Imagine that Fidelity said to Bear: “I will deposit only $400 million and I want $500 million (market value) of bonds as collateral.” This would be a 20 percent haircut. In this case Fidelity is protected against a $100 million decline in the value of the bonds, should Bear become insolvent and Fidelity want to sell the bonds.

....For now, keep in mind that an increase in the haircuts is a withdrawal from the bank. Massive withdrawals are a banking panic. That’s what happened. Like during the pre‐Federal Reserve panics, there was a shock that by itself was not large, house prices fell. But, the distribution of the risks (where the subprime bonds were, in which firms, and how much) was not known. Here is where subprime plays its role. Elsewhere, I have likened subprime to e‐coli (see Gorton (2009a, 2010)). Millions of pounds of beef might be recalled because the location of a small amount of e‐coli is not known for sure. If the government did not know which ground beef possibly contained the e‐coli, there would be a panic: people would stop eating ground beef. If we all stop eating hamburgers for a month, or a year, it would be a big problem for McDonald’s, Burger King, Wendy’s and so on. They would go bankrupt. That’s what happened.
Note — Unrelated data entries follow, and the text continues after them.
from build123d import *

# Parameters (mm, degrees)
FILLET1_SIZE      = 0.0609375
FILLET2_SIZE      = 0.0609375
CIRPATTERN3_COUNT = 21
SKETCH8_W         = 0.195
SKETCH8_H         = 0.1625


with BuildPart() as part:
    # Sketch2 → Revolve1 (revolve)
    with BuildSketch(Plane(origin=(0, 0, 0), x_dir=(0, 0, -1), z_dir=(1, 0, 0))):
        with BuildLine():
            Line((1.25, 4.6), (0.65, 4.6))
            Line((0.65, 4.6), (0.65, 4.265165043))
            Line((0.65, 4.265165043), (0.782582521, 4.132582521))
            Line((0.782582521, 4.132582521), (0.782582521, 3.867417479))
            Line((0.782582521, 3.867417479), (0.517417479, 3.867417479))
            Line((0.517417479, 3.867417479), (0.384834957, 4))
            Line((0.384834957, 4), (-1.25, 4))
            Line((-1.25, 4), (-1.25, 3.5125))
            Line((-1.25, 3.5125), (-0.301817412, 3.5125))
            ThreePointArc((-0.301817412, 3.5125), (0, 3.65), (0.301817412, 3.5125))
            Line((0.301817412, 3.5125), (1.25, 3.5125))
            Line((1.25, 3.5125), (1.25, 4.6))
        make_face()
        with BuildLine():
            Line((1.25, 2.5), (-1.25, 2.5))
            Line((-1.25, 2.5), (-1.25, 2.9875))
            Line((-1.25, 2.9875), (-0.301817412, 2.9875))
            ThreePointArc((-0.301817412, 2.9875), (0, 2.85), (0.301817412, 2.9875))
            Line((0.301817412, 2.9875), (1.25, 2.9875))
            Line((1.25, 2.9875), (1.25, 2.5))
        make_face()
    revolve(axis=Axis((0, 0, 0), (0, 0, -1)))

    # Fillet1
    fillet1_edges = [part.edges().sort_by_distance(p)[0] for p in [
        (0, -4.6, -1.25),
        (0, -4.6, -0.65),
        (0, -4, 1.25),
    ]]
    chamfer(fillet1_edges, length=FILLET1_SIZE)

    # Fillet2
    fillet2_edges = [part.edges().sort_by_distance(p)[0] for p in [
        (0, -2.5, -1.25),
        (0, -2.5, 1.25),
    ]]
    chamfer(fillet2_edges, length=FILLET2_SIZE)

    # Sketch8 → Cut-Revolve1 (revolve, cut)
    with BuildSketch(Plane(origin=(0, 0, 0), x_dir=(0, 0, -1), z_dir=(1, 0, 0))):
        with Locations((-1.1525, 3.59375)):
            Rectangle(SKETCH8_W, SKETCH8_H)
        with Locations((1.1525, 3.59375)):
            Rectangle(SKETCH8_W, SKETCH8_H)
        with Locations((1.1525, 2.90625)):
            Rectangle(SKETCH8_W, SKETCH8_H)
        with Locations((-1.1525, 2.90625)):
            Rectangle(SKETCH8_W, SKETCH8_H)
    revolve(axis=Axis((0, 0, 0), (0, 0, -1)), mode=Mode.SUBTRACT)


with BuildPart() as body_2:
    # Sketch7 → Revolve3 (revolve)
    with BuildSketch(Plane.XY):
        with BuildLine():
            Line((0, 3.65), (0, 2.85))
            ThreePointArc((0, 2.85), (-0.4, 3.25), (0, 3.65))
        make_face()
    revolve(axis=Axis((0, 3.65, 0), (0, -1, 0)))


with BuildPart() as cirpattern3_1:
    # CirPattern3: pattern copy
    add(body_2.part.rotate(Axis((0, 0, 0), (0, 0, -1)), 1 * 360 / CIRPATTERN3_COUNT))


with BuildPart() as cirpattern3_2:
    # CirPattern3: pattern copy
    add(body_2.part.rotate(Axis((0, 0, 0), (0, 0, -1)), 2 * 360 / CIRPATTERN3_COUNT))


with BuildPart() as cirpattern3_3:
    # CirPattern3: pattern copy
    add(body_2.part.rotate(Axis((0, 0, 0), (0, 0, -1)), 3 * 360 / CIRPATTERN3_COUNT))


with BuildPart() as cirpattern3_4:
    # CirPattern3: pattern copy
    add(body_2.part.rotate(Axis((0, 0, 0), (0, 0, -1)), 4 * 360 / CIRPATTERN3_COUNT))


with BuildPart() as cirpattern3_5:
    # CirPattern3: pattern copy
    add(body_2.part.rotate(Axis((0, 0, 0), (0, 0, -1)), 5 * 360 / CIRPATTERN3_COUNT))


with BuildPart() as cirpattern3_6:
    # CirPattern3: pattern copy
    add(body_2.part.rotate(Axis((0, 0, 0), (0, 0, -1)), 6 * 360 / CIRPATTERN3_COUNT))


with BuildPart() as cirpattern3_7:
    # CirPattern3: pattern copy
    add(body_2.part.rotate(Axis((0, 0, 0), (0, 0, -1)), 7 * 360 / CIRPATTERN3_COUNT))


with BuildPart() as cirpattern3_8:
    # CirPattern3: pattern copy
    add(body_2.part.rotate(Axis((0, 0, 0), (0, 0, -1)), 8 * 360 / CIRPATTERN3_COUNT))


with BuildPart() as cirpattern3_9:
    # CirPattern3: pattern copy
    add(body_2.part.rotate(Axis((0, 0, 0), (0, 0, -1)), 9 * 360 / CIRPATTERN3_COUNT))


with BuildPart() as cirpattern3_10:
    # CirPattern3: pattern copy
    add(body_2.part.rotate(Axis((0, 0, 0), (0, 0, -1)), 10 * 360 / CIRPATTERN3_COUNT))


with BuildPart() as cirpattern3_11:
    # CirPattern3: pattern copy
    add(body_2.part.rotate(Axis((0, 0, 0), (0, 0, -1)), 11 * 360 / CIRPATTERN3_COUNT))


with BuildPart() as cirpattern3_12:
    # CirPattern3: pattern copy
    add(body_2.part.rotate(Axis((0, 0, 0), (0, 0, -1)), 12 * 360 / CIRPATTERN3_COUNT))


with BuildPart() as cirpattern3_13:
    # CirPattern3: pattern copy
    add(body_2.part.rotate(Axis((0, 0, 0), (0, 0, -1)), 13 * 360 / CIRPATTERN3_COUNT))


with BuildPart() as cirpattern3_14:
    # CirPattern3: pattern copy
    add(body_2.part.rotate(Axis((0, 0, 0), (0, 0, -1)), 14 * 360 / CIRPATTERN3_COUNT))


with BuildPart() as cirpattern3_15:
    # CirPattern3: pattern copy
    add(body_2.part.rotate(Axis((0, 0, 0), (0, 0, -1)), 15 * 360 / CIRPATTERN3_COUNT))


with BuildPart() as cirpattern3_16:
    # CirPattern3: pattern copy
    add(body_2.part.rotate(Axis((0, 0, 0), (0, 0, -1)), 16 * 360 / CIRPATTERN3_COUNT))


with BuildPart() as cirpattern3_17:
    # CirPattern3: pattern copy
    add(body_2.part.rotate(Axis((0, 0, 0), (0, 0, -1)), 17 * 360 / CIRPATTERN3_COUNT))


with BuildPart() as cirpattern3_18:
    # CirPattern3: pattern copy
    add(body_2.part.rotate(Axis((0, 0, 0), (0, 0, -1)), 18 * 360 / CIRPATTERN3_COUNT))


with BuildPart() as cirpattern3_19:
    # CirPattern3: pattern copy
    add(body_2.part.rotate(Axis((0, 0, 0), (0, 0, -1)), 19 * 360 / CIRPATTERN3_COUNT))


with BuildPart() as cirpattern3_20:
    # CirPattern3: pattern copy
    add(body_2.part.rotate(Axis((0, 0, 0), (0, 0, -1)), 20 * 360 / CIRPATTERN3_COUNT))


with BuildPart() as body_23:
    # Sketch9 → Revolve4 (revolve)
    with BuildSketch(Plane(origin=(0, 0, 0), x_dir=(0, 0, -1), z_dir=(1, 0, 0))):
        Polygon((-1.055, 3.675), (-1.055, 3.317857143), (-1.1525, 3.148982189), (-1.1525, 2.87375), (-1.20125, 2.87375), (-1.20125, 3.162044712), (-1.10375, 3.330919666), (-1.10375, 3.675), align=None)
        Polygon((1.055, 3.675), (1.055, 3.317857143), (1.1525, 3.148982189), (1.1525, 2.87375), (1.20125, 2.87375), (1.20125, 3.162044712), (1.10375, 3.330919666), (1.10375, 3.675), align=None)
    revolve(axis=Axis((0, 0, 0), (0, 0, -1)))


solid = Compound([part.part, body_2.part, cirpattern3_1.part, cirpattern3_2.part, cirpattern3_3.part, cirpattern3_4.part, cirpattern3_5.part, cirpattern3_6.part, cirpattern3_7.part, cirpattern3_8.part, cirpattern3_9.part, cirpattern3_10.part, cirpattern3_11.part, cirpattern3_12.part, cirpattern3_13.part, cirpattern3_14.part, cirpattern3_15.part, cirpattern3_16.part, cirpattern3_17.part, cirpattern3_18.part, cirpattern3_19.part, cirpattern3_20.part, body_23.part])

The evidence is in the figure [on the right], which shows the increase in haircuts for securitized bonds (and other structured bonds) starting in August 2007. The figure is a picture of the banking panic. We don’t know how much was withdrawn because we don’t know the actual size of the repo market. But, to get a sense of the magnitudes, suppose the repo market was $12 trillion and that repo haircuts rose from zero to an average of 20 percent. Then the banking system would need to come up with $2 trillion, an impossible task.

There's more in the paper, which is worth reading if you want to learn more about this stuff. In my own mind, I have a tendency to waffle back and forth between blaming the economic meltdown solely on a single fundamental (housing prices crashed, everyone panicked) and blaming it on a variety of other factors as well (mortgage fraud, the growth of credit derivatives, ratings agency conflicts, massive abuse of leverage, wild underestimation of risk, etc.). Overall, I tend toward believing that although the housing crash was clearly both the proximate and primary cause of the collapse, all the other stuff really did matter too, magnifying an asset bust far beyond what it could have done on its own. Without massive leverage, for example, even a huge housing bubble couldn't have caused the scale of the damage we saw.

Gorton has a slightly different take: the housing bubble was primary, but it was the fundamental structure of modern banking that turned it into a catastrophe: "The problem is structural," he says. "This structure, while very important for the economy, is subject to periodic panics if there are shocks that cause concerns about counterparty default....The economy needs banks and banking. But bank liabilities have a vulnerability."